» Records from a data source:
=== Section Start ===
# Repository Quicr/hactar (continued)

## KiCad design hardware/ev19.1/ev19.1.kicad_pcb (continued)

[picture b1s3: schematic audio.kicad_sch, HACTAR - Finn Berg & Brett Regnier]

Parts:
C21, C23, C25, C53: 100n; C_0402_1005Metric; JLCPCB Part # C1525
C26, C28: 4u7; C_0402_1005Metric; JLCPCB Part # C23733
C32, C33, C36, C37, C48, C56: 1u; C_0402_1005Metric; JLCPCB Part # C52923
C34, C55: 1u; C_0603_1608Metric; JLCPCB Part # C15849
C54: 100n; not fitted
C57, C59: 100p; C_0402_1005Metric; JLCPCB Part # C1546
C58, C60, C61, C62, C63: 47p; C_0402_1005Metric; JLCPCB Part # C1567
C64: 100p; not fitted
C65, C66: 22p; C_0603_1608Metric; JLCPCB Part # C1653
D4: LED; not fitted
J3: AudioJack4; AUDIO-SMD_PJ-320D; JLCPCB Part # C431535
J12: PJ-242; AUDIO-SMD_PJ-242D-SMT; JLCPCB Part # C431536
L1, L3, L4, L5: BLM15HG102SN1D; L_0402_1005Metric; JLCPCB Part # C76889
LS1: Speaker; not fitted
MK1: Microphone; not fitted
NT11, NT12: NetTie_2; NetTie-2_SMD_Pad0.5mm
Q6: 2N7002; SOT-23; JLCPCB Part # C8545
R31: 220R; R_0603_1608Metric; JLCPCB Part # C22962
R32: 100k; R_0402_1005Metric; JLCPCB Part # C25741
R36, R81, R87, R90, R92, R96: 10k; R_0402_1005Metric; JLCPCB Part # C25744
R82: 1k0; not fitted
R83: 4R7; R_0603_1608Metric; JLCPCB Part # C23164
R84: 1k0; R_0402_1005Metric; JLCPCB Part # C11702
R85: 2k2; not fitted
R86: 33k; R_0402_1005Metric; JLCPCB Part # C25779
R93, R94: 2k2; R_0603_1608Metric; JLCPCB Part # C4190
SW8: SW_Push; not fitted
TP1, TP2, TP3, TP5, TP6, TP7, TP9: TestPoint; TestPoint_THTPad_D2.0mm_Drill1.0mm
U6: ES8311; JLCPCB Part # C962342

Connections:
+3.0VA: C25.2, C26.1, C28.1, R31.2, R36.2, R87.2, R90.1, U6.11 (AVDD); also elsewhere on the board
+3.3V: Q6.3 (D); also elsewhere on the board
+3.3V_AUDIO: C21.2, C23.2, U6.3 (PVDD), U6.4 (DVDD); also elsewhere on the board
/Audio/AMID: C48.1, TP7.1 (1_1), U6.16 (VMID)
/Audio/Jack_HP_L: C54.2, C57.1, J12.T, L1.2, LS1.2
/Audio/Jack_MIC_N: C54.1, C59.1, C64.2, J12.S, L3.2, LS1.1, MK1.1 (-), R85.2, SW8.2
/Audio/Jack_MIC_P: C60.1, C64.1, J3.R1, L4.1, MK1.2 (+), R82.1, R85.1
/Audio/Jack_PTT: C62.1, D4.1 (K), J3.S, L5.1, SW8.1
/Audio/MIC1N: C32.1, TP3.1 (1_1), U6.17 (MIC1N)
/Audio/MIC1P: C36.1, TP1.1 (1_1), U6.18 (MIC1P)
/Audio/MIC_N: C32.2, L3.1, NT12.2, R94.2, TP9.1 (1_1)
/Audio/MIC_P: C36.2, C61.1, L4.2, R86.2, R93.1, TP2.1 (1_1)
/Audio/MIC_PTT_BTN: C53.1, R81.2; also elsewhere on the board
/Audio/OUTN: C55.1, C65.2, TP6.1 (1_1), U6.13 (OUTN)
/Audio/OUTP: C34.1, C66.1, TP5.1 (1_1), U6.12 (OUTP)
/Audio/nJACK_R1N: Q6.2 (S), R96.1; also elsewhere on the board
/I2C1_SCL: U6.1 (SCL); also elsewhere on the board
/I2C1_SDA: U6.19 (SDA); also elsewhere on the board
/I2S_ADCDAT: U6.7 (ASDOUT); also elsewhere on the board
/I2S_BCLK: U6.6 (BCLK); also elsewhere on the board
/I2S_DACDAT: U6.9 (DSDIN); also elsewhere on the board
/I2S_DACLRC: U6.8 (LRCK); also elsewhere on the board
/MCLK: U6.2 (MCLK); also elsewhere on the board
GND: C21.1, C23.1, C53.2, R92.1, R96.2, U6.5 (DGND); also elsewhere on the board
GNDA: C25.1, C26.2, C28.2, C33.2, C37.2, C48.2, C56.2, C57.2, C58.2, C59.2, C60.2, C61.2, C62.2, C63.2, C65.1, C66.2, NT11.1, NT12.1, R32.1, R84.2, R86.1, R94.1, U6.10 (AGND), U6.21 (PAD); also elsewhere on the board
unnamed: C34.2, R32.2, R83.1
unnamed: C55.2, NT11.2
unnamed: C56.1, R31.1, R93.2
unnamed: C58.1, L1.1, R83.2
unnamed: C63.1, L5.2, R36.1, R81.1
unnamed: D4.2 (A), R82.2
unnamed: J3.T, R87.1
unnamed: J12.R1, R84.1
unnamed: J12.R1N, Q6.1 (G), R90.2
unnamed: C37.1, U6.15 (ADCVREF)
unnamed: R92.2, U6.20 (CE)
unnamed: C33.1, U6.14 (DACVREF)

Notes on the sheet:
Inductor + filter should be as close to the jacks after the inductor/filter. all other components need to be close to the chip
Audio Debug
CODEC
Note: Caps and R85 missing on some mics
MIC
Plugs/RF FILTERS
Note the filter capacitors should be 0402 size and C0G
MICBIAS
=== Section End ===
» Task requirements:
Using the entries above, give again exactly the lines from the line holding "R83: 4R7; R_0603_1608Metric;" through the line holding "TP1, TP2, TP3, TP5, TP6, TP7, TP9: TestPoint;". Include both end lines and nothing else.

» Written response:
R83: 4R7; R_0603_1608Metric; JLCPCB Part # C23164
R84: 1k0; R_0402_1005Metric; JLCPCB Part # C11702
R85: 2k2; not fitted
R86: 33k; R_0402_1005Metric; JLCPCB Part # C25779
R93, R94: 2k2; R_0603_1608Metric; JLCPCB Part # C4190
SW8: SW_Push; not fitted
TP1, TP2, TP3, TP5, TP6, TP7, TP9: TestPoint; TestPoint_THTPad_D2.0mm_Drill1.0mm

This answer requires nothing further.